A nice tribute for a fantastic fish!


----------



## Bartek (Dec 12, 2007)

well done! great fish. I hope you made good use of it!


----------



## Davey G (Jan 15, 2006)

Little do we all know that Couta is actually a gnome and stands only 3 foot tall. That way, every time he catches a fish and gets his photo taken with it, the fish looks massive.. :shock: :? :lol:

At least that's what I'm telling myself... 

Bloody hell, that is one massive ugly fish. Well done Couta (your gnome secret is safe with me 8) )


----------



## sunshiner (Feb 22, 2006)

WOW!! I'm probably going out tomorrow now that I'm inspired. That's one great fish in testing conditions. Very nice Couta.


----------



## DGax65 (Jun 7, 2006)

Wow! That's a beauty.
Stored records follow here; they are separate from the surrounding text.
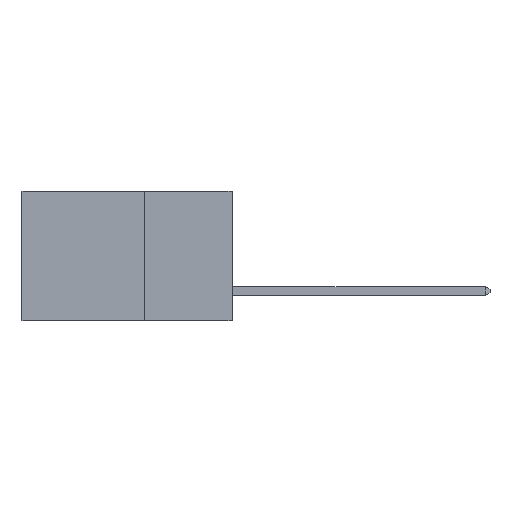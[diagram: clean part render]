
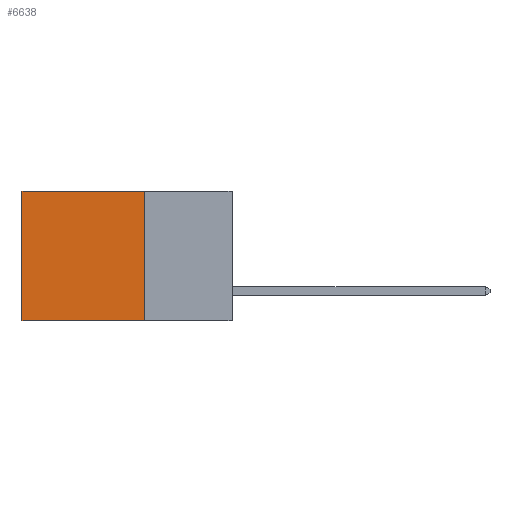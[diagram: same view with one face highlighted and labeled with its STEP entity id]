
A CAD part, left-side view. The second image highlights one B-rep face of the part: STEP entity #6638.
In plain terms, the highlighted planar face has unit normal (-1, 0, 0).
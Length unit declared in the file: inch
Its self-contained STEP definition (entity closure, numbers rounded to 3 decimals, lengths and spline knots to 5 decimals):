
#36 = CARTESIAN_POINT ( 'NONE',  ( 0.2875, 0.6, -0.37 ) ) ;
#737 = VECTOR ( 'NONE', #6459, 39.37008 ) ;
#1150 = VECTOR ( 'NONE', #15202, 39.37008 ) ;
#1217 = ORIENTED_EDGE ( 'NONE', *, *, #13803, .T. ) ;
#1377 = VERTEX_POINT ( 'NONE', #3150 ) ;
#2940 = AXIS2_PLACEMENT_3D ( 'NONE', #14218, #5685, #15509 ) ;
#2957 = LINE ( 'NONE', #6366, #9939 ) ;
#3150 = CARTESIAN_POINT ( 'NONE',  ( 0.2875, 0.25, 0. ) ) ;
#3250 = VERTEX_POINT ( 'NONE', #36 ) ;
#3284 = VERTEX_POINT ( 'NONE', #3460 ) ;
#3342 = EDGE_CURVE ( 'NONE', #7990, #3250, #8717, .T. ) ;
#3460 = CARTESIAN_POINT ( 'NONE',  ( 0.2875, 0.25, -0.37 ) ) ;
#4345 = EDGE_CURVE ( 'NONE', #3284, #3250, #5229, .T. ) ;
#4872 = DIRECTION ( 'NONE',  ( 0., 0., -1. ) ) ;
#5229 = LINE ( 'NONE', #15292, #1150 ) ;
#5685 = DIRECTION ( 'NONE',  ( 1., 0., 0. ) ) ;
#6366 = CARTESIAN_POINT ( 'NONE',  ( 0.2875, 0.25, 0. ) ) ;
#6459 = DIRECTION ( 'NONE',  ( 0., 0., -1. ) ) ;
#6638 = ADVANCED_FACE ( 'NONE', ( #7435 ), #10014, .F. ) ;
#7171 = LINE ( 'NONE', #10347, #14258 ) ;
#7435 = FACE_OUTER_BOUND ( 'NONE', #13781, .T. ) ;
#7990 = VERTEX_POINT ( 'NONE', #10096 ) ;
#8717 = LINE ( 'NONE', #8895, #737 ) ;
#8885 = DIRECTION ( 'NONE',  ( 0., 1., 0. ) ) ;
#8895 = CARTESIAN_POINT ( 'NONE',  ( 0.2875, 0.6, 0. ) ) ;
#9939 = VECTOR ( 'NONE', #4872, 39.37008 ) ;
#10014 = PLANE ( 'NONE',  #2940 ) ;
#10096 = CARTESIAN_POINT ( 'NONE',  ( 0.2875, 0.6, 0. ) ) ;
#10347 = CARTESIAN_POINT ( 'NONE',  ( 0.2875, 0.25, 0. ) ) ;
#12704 = EDGE_CURVE ( 'NONE', #1377, #3284, #2957, .T. ) ;
#13781 = EDGE_LOOP ( 'NONE', ( #17441, #14451, #17526, #1217 ) ) ;
#13803 = EDGE_CURVE ( 'NONE', #1377, #7990, #7171, .T. ) ;
#14218 = CARTESIAN_POINT ( 'NONE',  ( 0.2875, 0.25, 0. ) ) ;
#14258 = VECTOR ( 'NONE', #8885, 39.37008 ) ;
#14451 = ORIENTED_EDGE ( 'NONE', *, *, #4345, .F. ) ;
#15202 = DIRECTION ( 'NONE',  ( 0., 1., 0. ) ) ;
#15292 = CARTESIAN_POINT ( 'NONE',  ( 0.2875, 0.25, -0.37 ) ) ;
#15509 = DIRECTION ( 'NONE',  ( 0., 0., -1. ) ) ;
#17441 = ORIENTED_EDGE ( 'NONE', *, *, #3342, .T. ) ;
#17526 = ORIENTED_EDGE ( 'NONE', *, *, #12704, .F. ) ;

Well done Couta.


----------



## Guest (Jan 29, 2008)

I hate you Couta! hehe Damn you can catch some big fish!


----------



## paulo (Nov 1, 2007)

Nice one Steve. That old fella looks like he's been in a few good scraps before. You guys are braining the big snapps down there at the moment.


----------



## OneLastCast (Mar 4, 2008)

wow that snapper is starting to look old whata feeling it would be to catch one of that size

good work!


----------